The present invention as described above is recorded on a computer-readable recording medium, and can be processed by a computer.

As described in detail above, the present invention provides a predistorter using an adaptive predistortion technique for nonlinear distortion compensation in a next generation mobile communication system.

First, by compensating for the nonlinear distortion of the high power amplifier, it is possible to use a high power amplifier with high efficiency in the wireless terminal, thereby extending the use time of the terminal.

Second, since the response of the amplifier is estimated using an adaptive algorithm, time-varying nonlinear distortion can be compensated for.

Third, accurate linearization can be obtained because complex input signals are compensated by being divided into amplitude and phase.

Fourth, since the response of the amplifier is estimated in the form of a polynomial, the structure of the predistorter is simplified.

The technical spirit of the present invention has been described above with reference to the accompanying drawings, but this is by way of example only and not by way of limitation.
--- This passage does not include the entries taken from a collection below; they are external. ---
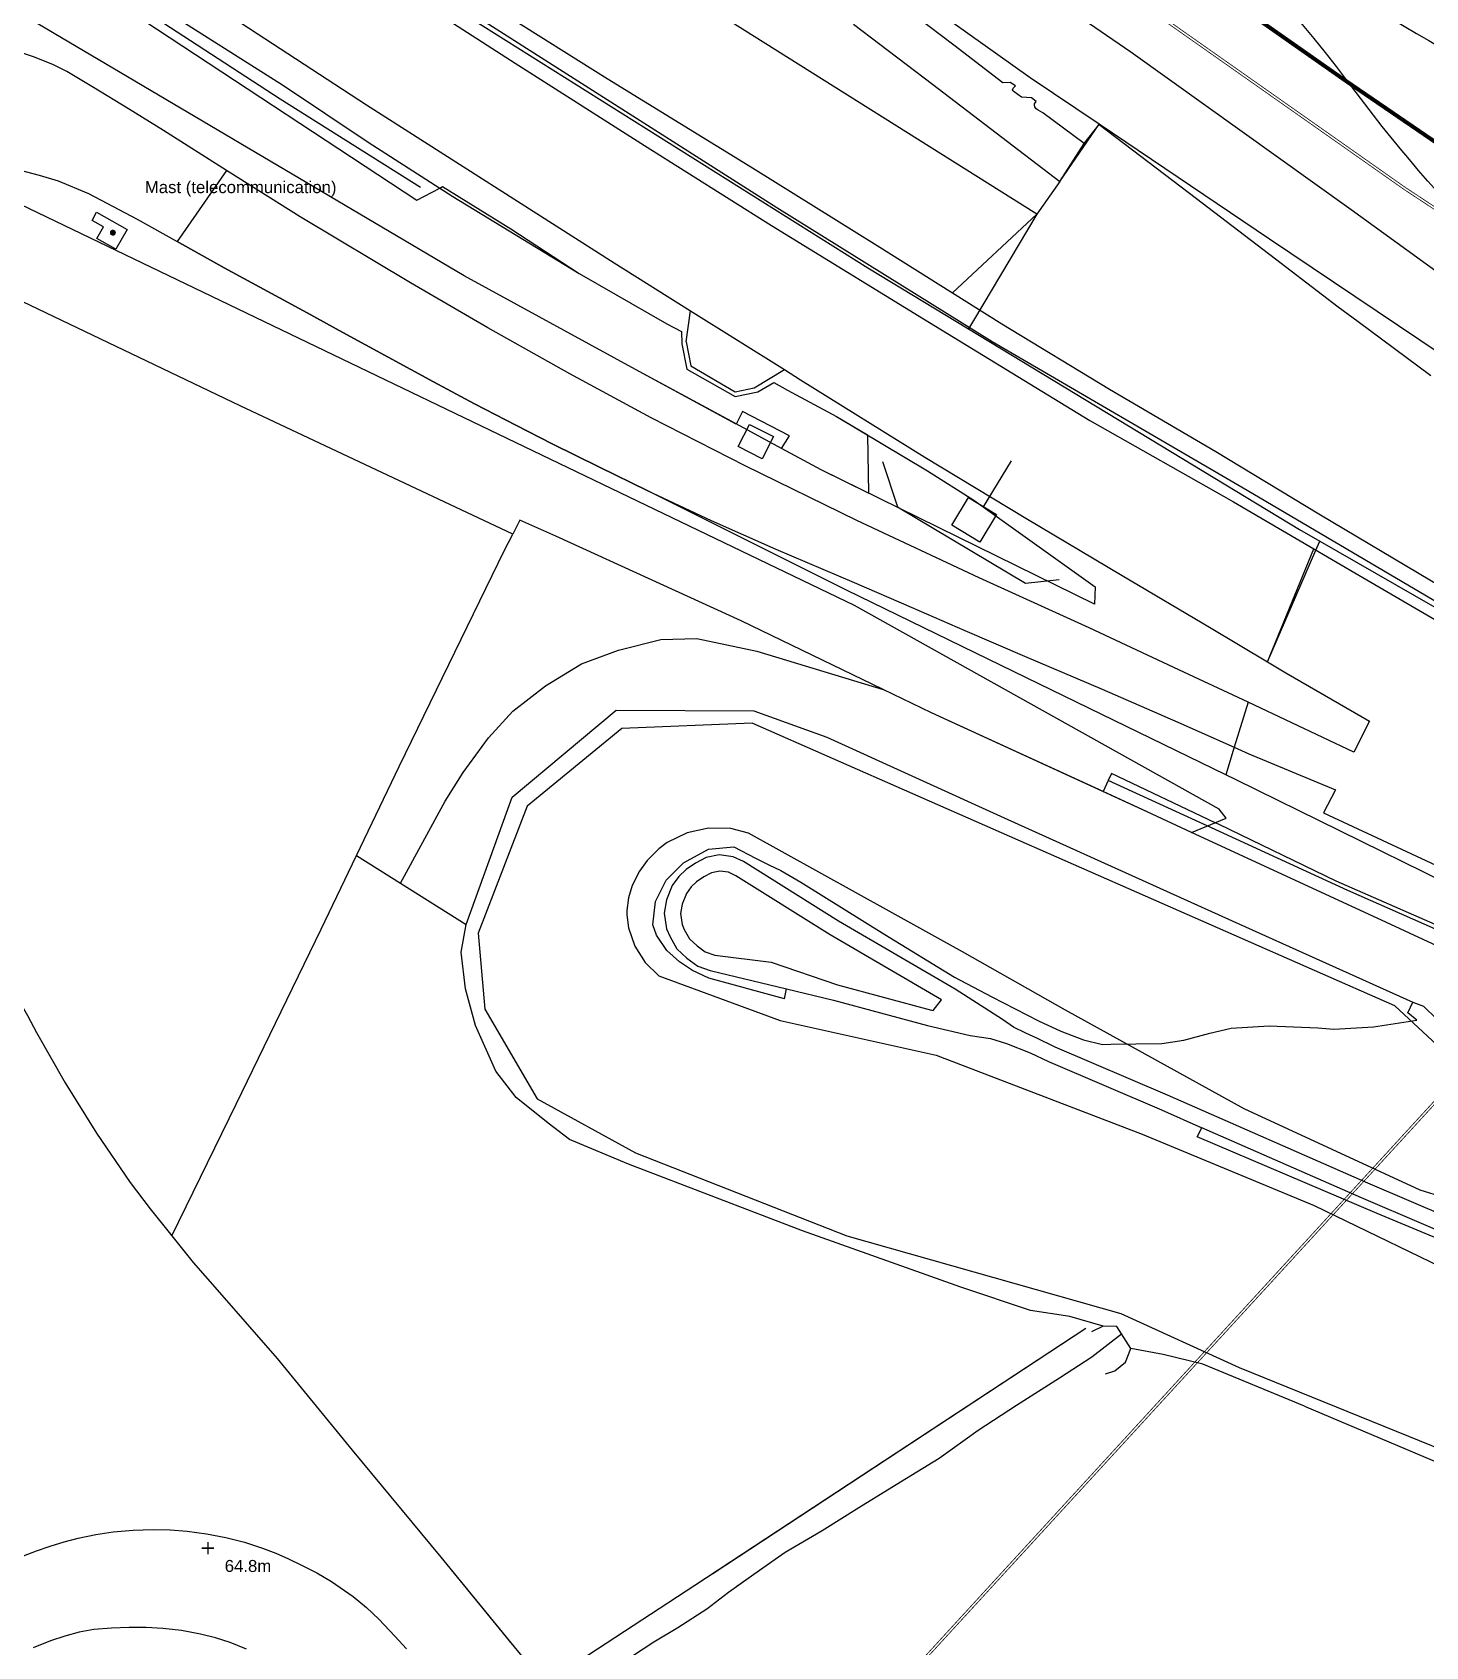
# Model space of a CAD drawing. Header units: millimetres. Extents: x 111502 to 977541, y 8702 to 1044108.
# Drawn here: x 489276.2 to 489450.6, y 240561.7 to 240763.8 of the extents above; entities that cross this region are included whole.
import ezdxf

# ---------------------------------------------------------------- set-up
doc = ezdxf.new("R2010")
doc.units = ezdxf.units.MM
doc.header["$LTSCALE"] = 0.25
doc.linetypes.add('DASHED', pattern=[19.05, 12.7, -6.35])
doc.linetypes.add('DASHED2', pattern=[9.525, 6.35, -3.175])
for name, color, linetype in [('E HVSS As Laid HV', 10, 'Continuous'), ('E HVSS Proposed 33kV', 5, 'Continuous'), ('X HVSS Site Background', 8, 'Continuous'), ('X HVSS Site Outline', 210, 'Continuous')]:
    doc.layers.add(name, color=color, linetype=linetype)
doc.styles.add('OS Master Map$1$Standard', font='txt')
doc.styles.add('Proposed Employment Area - 11-089-MP013-01a$0$Standard', font='txt')

# ---------------------------------------------------------------- blocks, each defined once
blk = doc.blocks.new('Proposed Commercial Boundary - 09.02.22')
at = {"layer": 'X HVSS Site Outline'}
blk.add_lwpolyline([(489760562, 240575305, 500, 500, 0), (489729373, 240591142, 500, 500, 0), (489708949, 240603417, 500, 500, 0), (489684178, 240618751, 500, 500, 0), (489656648, 240633953, 500, 500, 0), (489626247, 240650067, 500, 500, 0), (489592023, 240668183, 500, 500, 0), (489553049, 240688820, 500, 500, 0), (489521322, 240705270, 500, 500, 0), (489495709, 240720114, 500, 500, 0), (489471760, 240736365, 500, 500, 0), (489440655, 240757624, 500, 500, 0), (489415055, 240775554, 500, 500, 0)], format="xyseb", dxfattribs=at)
blk = doc.blocks.new('commercial background')
at = {"layer": 'X HVSS Site Background', "const_width": 2, "flags": 128}
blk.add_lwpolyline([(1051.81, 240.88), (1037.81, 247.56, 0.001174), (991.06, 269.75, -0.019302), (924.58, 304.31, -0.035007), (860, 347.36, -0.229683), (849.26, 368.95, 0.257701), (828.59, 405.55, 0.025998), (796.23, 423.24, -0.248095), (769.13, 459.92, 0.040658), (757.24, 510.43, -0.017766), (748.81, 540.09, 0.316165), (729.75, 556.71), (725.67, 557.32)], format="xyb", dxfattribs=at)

In addition, it is obvious that any person skilled in the art may make various modifications and imitations without departing from the scope of the technical idea of the present invention.

Claims (2)

In the predistorter using the adaptive predistortion technique for nonlinear distortion compensation, A rectangular-to-polar coordinator conversion unit for separating an amplitude and a phase from a complex number consisting of a real part and an imaginary part of an input signal; An amplitude predistorter for predistorting the amplitude of the input signal by receiving coefficients of the amplitude estimation polynomial; A phase predistorter unit for predistorting a phase of an input signal by receiving coefficients of a phase estimation polynomial; And A predistorter using an adaptive predistortion technique comprising a polar-to-rectangular coordinator conversion (204) unit for dividing a complex signal consisting of amplitude and phase into a real part and an imaginary part. In the predistorter using the adaptive predistortion technique for nonlinear distortion compensation, A rectangular coordinate-polar coordinate converter for dividing an input signal into a complex number consisting of a real part and an imaginary part by amplitude and phase; An amplitude estimator for generating an estimate of ρ _y using coefficients {α _i } and ρ _x of the polynomial for predistorting the amplitude; an amplitude estimation polynomial coefficient updating unit for adaptively updating coefficients of the n-th order amplitude estimation polynomial; a first adaptive algorithm for calculating a gain value using ρ _z ; A quadrature modulator for converting a complex number signal into a transmission frequency signal using an oscillator; a phase estimation polynomial coefficient updating unit for adaptively updating the coefficients of the n-th order phase estimation polynomial; A high power amplifier for amplifying the input signal; A phase estimator for generating an estimate of θ _y using the coefficients {β _i } and ρ _y of the polynomial for predistorting the phase; a second adaptive algorithm for calculating a gain value using ρ _y ; And A predistorter using an adaptive predistortion technique comprising a quadrature demodulator for demodulating a signal of an RF stage.